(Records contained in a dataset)
--- START ---

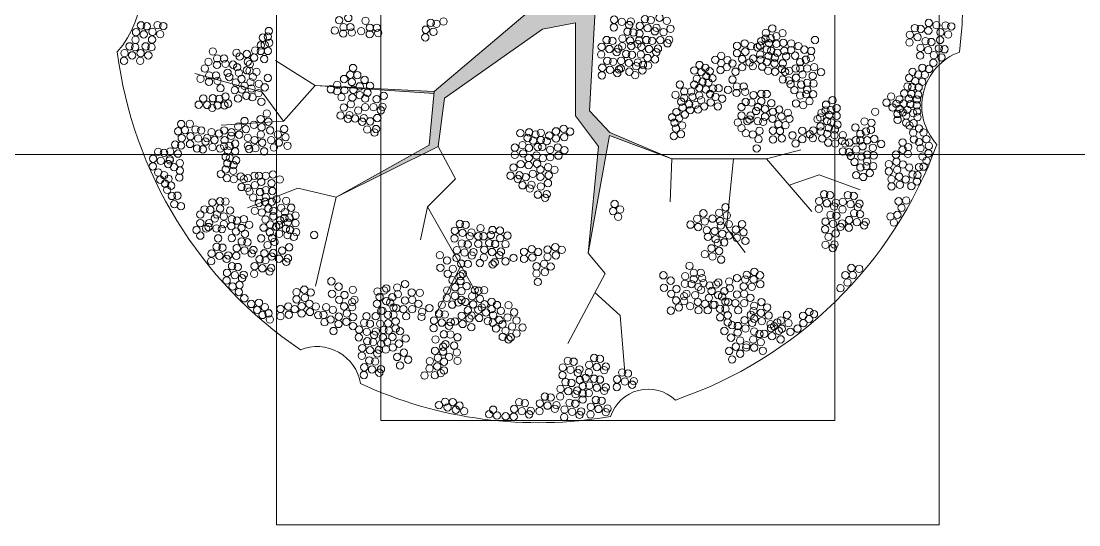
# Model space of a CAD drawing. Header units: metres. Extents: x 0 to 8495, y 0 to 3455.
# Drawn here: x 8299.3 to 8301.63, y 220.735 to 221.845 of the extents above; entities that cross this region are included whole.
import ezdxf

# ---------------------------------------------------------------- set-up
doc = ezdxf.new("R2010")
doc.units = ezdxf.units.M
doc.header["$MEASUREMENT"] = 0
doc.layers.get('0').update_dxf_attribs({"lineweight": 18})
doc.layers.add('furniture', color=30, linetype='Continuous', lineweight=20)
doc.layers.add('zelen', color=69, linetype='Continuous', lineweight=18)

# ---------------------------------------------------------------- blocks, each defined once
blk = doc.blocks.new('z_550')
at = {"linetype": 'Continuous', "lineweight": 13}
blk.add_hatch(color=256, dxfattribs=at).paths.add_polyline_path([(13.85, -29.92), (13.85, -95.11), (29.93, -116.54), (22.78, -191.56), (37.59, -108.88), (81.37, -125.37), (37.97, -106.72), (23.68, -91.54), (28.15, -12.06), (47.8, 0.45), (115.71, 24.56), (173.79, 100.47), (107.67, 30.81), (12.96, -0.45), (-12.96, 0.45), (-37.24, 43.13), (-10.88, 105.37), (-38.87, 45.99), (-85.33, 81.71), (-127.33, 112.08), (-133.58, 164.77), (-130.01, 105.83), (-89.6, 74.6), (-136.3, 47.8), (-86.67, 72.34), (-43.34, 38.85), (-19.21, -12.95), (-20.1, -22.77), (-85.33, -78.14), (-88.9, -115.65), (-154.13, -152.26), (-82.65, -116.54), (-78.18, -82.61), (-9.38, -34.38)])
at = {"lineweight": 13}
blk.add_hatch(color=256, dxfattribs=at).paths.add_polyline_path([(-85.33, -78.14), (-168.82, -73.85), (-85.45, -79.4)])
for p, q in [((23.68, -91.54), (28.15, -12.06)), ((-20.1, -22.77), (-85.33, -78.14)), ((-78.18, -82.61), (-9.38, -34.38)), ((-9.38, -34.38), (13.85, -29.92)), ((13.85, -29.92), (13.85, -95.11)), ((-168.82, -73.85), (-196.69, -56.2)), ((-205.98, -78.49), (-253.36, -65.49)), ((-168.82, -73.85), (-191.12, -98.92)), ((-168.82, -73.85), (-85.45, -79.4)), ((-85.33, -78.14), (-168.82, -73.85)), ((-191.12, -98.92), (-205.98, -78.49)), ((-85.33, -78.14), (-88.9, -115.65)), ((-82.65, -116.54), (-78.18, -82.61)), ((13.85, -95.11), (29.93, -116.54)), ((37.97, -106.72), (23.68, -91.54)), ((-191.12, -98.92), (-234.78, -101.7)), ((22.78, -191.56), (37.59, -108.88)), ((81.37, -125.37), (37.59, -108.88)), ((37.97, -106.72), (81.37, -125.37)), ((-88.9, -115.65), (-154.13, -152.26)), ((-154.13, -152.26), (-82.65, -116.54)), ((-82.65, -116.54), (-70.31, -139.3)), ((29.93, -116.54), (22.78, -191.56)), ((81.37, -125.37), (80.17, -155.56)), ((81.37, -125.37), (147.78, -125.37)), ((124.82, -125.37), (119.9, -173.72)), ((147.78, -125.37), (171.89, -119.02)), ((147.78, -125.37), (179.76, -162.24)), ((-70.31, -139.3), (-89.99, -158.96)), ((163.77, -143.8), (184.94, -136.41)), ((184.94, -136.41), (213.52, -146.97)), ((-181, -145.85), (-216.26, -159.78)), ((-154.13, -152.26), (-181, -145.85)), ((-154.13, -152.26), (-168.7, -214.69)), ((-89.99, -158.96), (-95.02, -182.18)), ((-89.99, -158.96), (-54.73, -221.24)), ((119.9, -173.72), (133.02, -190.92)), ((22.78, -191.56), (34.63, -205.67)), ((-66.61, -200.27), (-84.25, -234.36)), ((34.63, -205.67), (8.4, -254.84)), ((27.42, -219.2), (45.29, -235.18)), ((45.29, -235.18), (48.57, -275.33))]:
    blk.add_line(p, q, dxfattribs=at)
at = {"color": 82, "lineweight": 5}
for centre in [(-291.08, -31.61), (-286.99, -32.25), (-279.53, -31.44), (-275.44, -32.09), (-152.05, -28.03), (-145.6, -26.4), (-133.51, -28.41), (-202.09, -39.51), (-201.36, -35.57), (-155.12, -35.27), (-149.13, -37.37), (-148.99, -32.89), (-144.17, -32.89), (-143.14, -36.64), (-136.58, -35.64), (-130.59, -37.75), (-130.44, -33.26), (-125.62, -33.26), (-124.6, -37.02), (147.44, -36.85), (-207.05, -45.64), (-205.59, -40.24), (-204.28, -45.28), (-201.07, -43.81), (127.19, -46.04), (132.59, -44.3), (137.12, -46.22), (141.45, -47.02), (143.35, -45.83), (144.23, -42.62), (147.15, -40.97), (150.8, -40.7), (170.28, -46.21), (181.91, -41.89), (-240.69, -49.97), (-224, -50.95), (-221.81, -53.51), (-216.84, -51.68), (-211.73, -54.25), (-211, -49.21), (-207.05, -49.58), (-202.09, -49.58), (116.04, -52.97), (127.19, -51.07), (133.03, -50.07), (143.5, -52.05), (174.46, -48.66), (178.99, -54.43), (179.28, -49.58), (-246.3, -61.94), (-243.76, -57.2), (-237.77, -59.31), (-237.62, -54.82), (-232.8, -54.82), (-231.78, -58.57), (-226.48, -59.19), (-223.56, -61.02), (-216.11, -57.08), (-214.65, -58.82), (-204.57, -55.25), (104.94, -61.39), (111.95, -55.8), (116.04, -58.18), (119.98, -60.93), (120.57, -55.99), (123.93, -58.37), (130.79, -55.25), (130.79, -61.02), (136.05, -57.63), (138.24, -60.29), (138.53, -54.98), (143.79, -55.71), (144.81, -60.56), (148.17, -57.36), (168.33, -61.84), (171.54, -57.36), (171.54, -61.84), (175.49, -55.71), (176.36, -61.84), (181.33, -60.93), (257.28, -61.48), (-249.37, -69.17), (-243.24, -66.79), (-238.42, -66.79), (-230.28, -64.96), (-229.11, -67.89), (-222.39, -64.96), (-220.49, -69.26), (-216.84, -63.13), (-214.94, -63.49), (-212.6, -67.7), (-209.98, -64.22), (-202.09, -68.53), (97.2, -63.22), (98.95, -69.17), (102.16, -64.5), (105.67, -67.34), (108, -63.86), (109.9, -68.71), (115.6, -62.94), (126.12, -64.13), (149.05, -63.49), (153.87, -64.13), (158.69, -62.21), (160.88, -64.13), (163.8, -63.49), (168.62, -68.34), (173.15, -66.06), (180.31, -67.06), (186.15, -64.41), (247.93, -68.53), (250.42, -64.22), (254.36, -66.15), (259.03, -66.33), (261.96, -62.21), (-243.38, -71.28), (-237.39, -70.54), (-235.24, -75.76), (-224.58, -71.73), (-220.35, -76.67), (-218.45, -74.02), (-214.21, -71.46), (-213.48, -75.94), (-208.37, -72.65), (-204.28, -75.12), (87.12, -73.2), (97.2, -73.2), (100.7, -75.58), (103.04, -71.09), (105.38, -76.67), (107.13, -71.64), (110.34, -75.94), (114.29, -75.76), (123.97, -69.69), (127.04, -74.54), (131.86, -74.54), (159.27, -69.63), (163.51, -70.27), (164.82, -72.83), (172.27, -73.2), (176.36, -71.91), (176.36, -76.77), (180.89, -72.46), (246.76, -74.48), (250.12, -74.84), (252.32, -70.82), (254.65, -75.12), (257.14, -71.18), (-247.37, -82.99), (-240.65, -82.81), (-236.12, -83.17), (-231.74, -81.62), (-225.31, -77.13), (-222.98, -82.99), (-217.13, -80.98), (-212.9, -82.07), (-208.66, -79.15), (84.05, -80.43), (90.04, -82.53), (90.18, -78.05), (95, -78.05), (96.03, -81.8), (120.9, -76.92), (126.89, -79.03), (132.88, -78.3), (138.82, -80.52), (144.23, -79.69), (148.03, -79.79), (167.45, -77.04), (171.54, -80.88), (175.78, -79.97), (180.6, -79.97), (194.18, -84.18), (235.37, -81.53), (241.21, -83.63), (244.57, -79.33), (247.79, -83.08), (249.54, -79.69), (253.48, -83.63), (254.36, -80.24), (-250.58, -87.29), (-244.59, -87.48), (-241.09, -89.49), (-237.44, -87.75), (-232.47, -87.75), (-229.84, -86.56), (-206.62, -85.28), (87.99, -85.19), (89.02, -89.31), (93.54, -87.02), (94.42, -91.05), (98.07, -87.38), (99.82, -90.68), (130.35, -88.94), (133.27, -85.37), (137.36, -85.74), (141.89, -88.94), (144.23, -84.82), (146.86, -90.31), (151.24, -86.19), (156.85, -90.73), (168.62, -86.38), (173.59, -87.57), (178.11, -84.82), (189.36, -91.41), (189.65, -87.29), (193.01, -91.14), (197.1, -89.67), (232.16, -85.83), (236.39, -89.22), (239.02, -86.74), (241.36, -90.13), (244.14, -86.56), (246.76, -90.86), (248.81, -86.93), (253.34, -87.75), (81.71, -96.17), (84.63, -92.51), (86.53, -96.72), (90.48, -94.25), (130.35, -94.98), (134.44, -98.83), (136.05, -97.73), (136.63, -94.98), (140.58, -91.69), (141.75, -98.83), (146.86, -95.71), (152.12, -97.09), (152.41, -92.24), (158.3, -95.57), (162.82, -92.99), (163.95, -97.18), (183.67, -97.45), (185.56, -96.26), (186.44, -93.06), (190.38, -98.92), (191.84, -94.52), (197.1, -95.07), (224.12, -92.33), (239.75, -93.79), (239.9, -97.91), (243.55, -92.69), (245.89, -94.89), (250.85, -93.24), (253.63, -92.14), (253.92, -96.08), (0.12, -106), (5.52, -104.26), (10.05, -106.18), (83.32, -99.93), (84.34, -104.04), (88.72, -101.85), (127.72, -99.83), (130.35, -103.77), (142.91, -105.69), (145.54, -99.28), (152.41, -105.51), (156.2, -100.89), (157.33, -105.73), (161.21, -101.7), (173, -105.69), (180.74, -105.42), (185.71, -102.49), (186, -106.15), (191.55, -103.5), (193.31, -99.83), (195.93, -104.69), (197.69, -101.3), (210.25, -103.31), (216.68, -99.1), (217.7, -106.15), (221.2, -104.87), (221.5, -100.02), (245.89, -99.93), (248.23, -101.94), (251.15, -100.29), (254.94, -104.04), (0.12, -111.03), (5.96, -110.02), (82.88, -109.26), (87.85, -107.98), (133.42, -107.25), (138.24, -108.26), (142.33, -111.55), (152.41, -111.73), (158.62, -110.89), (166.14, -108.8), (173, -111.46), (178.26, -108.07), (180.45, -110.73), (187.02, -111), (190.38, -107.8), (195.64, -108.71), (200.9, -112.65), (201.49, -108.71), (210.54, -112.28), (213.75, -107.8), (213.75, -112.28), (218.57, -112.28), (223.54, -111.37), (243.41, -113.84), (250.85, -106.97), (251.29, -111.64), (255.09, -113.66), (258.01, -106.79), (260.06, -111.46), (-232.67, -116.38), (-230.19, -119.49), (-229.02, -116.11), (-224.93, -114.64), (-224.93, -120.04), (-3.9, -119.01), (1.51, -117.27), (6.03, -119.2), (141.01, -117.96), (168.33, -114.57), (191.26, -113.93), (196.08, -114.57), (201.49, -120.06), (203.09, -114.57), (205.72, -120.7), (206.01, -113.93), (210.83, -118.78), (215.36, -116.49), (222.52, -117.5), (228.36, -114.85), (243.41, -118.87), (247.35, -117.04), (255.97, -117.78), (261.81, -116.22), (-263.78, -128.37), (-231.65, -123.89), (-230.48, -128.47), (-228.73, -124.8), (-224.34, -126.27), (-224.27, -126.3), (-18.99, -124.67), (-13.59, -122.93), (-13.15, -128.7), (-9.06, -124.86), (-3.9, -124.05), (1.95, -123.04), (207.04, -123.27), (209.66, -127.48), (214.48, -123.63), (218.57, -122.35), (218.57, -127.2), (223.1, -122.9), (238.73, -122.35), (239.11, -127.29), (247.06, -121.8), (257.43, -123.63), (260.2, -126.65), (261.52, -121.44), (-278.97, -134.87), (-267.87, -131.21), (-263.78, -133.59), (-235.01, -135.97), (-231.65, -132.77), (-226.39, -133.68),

--- END ---

● **WHAT YOU ARE ASKED TO DO**:
The lines from the start of the records above through the line that holds "color=69, linetype='Continuous', lineweight=18)" are to be copied exactly, both ends included, and no pictures are to be copied.

● **EXERCISE OUTPUT**:
# Model space of a CAD drawing. Header units: metres. Extents: x 0 to 8495, y 0 to 3455.
# Drawn here: x 8299.3 to 8301.63, y 220.735 to 221.845 of the extents above; entities that cross this region are included whole.
import ezdxf

# ---------------------------------------------------------------- set-up
doc = ezdxf.new("R2010")
doc.units = ezdxf.units.M
doc.header["$MEASUREMENT"] = 0
doc.layers.get('0').update_dxf_attribs({"lineweight": 18})
doc.layers.add('furniture', color=30, linetype='Continuous', lineweight=20)
doc.layers.add('zelen', color=69, linetype='Continuous', lineweight=18)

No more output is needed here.